Learning and unlearning from PayPal
Huyck’s time at PayPal planted the seeds for her work today. Through PayPal’s partnership with the Cherie Blair Foundation’s Mentoring Women in Business program, she mentored three women entrepreneurs and was exposed to the broader dynamics of gender inequality in the global economy.
In conversations with Blair, Huyck learned that closing the economic gender gap could increase global GDP by 3 to 6 percent annually—equivalent to $2.5 trillion to $5 trillion. Yet progress has been slow. “This disparity hasn’t changed because the system hasn’t changed,” said Huyck, pointing to venture capital’s reliance on pattern matching, the tendency to fund founders who resemble those who have succeeded before. “They’re going to look for the same person with the same education, who usually has the same network and comes from a similar background, and is typically male.”
At AQi, she is trying to redesign parts of that system rather than work around it. One key lesson from PayPal involves how to engage with regulators. As a registered funding portal, AQi operates under oversight from the Securities and Exchange Commission (SEC) and the Financial Industry Regulatory Authority (FINRA), which set rules to protect investors and ensure transparency.
“The regulators are really an enabler of trust for investors, and not just out there trying to find something wrong,” said Huyck. “At PayPal, we were very reactive, but AQi has built a strong relationship with [these regulators] to the point where they’re actually changing their processes, because we’re giving them feedback.”

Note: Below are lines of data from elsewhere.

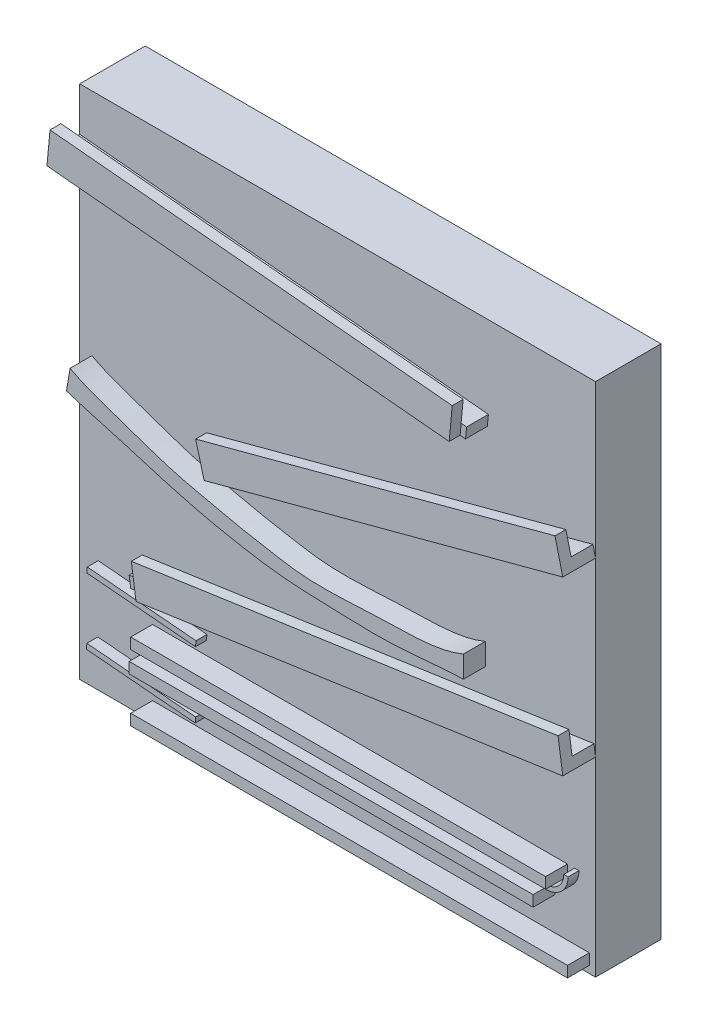
from build123d import *

# Parameters (mm, degrees)
SKETCH1_W            = 600
SKETCH1_H            = 600
BOSS_EXTRUDE1_DEPTH  = 76.2
BOSS_EXTRUDE2_DEPTH  = 25.4
BOSS_EXTRUDE3_START  = 25.4
BOSS_EXTRUDE3_DEPTH  = 12.7
BOSS_EXTRUDE4_DEPTH  = 25.4
BOSS_EXTRUDE5_START  = 25.4
BOSS_EXTRUDE5_DEPTH  = 12.7
BOSS_EXTRUDE6_DEPTH  = 25.4
SKETCH1_42_W         = 482.6
SKETCH1_42_H         = 12.7
SKETCH1_42_W_2       = 469.9
SKETCH1_42_W_3       = 508
BOSS_EXTRUDE7_DEPTH  = 25.4
BOSS_EXTRUDE8_DEPTH  = 12.7
BOSS_EXTRUDE9_START  = 25.4
BOSS_EXTRUDE9_DEPTH  = 12.7
BOSS_EXTRUDE10_DEPTH = 25.4


with BuildPart() as part:
    # Sketch1 → Boss-Extrude1 (new body)
    with BuildSketch(Plane.XY):
        with Locations((-225.240056073, 6.540000857)):
            Rectangle(SKETCH1_W, SKETCH1_H)
    extrude(amount=-BOSS_EXTRUDE1_DEPTH)

    # Sketch1_22 → Boss-Extrude2 (add)
    with BuildSketch(Plane.XY):
        Polygon((-525.240056073, 242.984461231), (-525.240056073, 255.740000857), (-49.879871206, 211.234703059), (-51.063723483, 198.590000857), align=None)
    extrude(amount=BOSS_EXTRUDE2_DEPTH)

    # Sketch1_23 → Boss-Extrude3 (add)
    with BuildSketch(Plane.XY.offset(BOSS_EXTRUDE3_START)):
        Polygon((-525.240056073, 242.984461231), (-57.386074584, 199.181926995), (-53.834517754, 237.116033602), (-521.688499243, 280.918567838), align=None)
    extrude(amount=BOSS_EXTRUDE3_DEPTH)

    # Sketch1_36 → Boss-Extrude4 (add)
    with BuildSketch(Plane.XY):
        Polygon((-342.440287545, 17.406237518), (74.759943927, 128.740000857), (71.744479474, 141.079727937), (-345.714809996, 29.676832561), align=None)
    extrude(amount=BOSS_EXTRUDE4_DEPTH)

    # Sketch1_38 → Boss-Extrude5 (add)
    with BuildSketch(Plane.XY.offset(BOSS_EXTRUDE5_START)):
        Polygon((-342.440287545, 17.406237518), (74.759943927, 128.740000857), (65.713550566, 165.759182097), (-352.263854899, 54.218022648), align=None)
    extrude(amount=BOSS_EXTRUDE5_DEPTH)

    # Sketch1_39 → Boss-Extrude6 (add)
    with BuildSketch(Plane.XY):
        with BuildLine():
            Line((-515.232510143, 14.731286418), (-511.049397451, 39.784461231))
            add(Edge.make_bspline(
                [(-511.049397451, 39.784461231), (-491.91342743, 29.210221806), (-458.77856372, 19.531721492), (-416.625986292, 3.959066392), (-383.903580076, -6.249374557), (-350.315397205, -13.252889549), (-315.502078412, -21.570378936), (-279.518469533, -27.808056985), (-243.831298859, -34.151990356), (-199.456462469, -34.752149035), (-135.713837898, -30.00036949), (-83.078004242, -31.661348956), (-53.461097288, -19.3009415)],
                knots=[0, 0, 0, 0, 0.138195141, 0.220153512, 0.28706639, 0.356885041, 0.439197272, 0.515633138, 0.590194642, 0.670343679, 0.797980141, 1, 1, 1, 1], degree=3))
            Line((-53.461097288, -19.3009415), (-53.461097288, -44.7009415))
            add(Edge.make_bspline(
                [(-515.232510143, 14.731286418), (-492.287448082, 7.361196537), (-460.683716745, -0.781157172), (-419.974441586, -13.502513213), (-388.83188488, -22.419811825), (-355.455504677, -31.276728095), (-317.590964539, -38.781286591), (-279.774049612, -45.52299243), (-241.592265326, -48.592909593), (-194.728275521, -49.903260595), (-132.907153847, -52.623676823), (-81.911313969, -45.613021801), (-53.461097288, -44.7009415)],
                knots=[0, 0, 0, 0, 0.153828341, 0.208264646, 0.272296669, 0.360672756, 0.428620212, 0.51872685, 0.605764862, 0.672841047, 0.818182432, 1, 1, 1, 1], degree=3))
        make_face()
    extrude(amount=BOSS_EXTRUDE6_DEPTH)

    # Sketch1_42 → Boss-Extrude7 (add)
    with BuildSketch(Plane.XY):
        with Locations((-199.186590665, -202.053329244)):
            Rectangle(SKETCH1_42_W, SKETCH1_42_H)
        with Locations((-207.36885806, -227.48194535)):
            Rectangle(SKETCH1_42_W_2, SKETCH1_42_H)
        with Locations((-186.486590665, -278.810327036)):
            Rectangle(SKETCH1_42_W_3, SKETCH1_42_H)
    extrude(amount=BOSS_EXTRUDE7_DEPTH)

    # Sketch1_43 → Boss-Extrude8 (add)
    with BuildSketch(Plane.XY):
        Polygon((-377.277754824, -174.137492911), (-503.794481482, -163.068713582), (-504.347920448, -169.394549915), (-377.831193791, -180.463329244), align=None)
        with BuildLine():
            Line((55.52114194, -195.703329244), (50.469758046, -195.703329244))
            ThreePointArc((50.469758046, -195.703329244), (44.509786376, -210.09197368), (30.12114194, -216.05194535))
            Line((30.12114194, -216.05194535), (30.12114194, -221.103329244))
            ThreePointArc((30.12114194, -221.103329244), (48.081654182, -213.663841486), (55.52114194, -195.703329244))
        make_face()
        Polygon((-504.198568844, -240.134266294), (-504.752007811, -246.460102627), (-378.235281153, -257.528881956), (-377.681842187, -251.203045623), align=None)
    extrude(amount=BOSS_EXTRUDE8_DEPTH)



with BuildPart() as body_2:
    # Sketch1_46 → Boss-Extrude9 (new body)
    with BuildSketch(Plane.XY.offset(BOSS_EXTRUDE9_START)):
        Polygon((74.759943927, -71.628181651), (69.260201501, -33.927215705), (-427.135850118, -106.340490986), (-421.636107692, -144.041456932), align=None)
    extrude(amount=BOSS_EXTRUDE9_DEPTH)


with BuildPart() as part_1:
    add(part.part)

    add(body_2.part)  # Boss-Extrude10 merges body 2
    # Sketch1_47 → Boss-Extrude10 (add)
    with BuildSketch(Plane.XY):
        Polygon((74.759943927, -71.628181651), (72.926696452, -59.061193002), (-442.31983814, -134.224339496), (-440.486590665, -146.791328145), align=None)
    extrude(amount=BOSS_EXTRUDE10_DEPTH)


solid = part_1.part

Another lesson came from the limitations of legacy systems. “I remember days when we couldn’t make a change to the [PayPal] product because of Maxcode,” she said. Early PayPal code, largely written by co-founder Max Levchin, was so centralized that only a small number of people could modify it, slowing product development. “Nobody else knew how to change it,” said Huyck. “So I’m building a platform that’s scalable, sustainable, easy to adapt and change.”
Over two decades, Huyck saw PayPal evolve through multiple ownership phases, including its time under eBay, and through six different CEOs. While she credits that experience with teaching her how large organizations operate, she also identified what she wants to avoid, such as constant reorganizations and the delays that come with repeatedly onboarding new leadership.
“I had a male leader who intentionally brought more women to his table, and that’s where I really became aware that women work, lead and operate differently, and the results that we achieved as a team far exceeded expectations,” said Huyck. “Taking the theory of diversity and actually bringing it to life really was an ‘aha’ moment.”
AQi is not a quick fix for the gender funding gap. Reg CF investments are typically long-term and less liquid than public market investments. But Huyck believes the model creates a different kind of momentum—one rooted in participation rather than exclusivity.
“When people can invest in businesses they believe in, something powerful happens,” she said. “They don’t just become investors. They become advocates, customers and community builders.”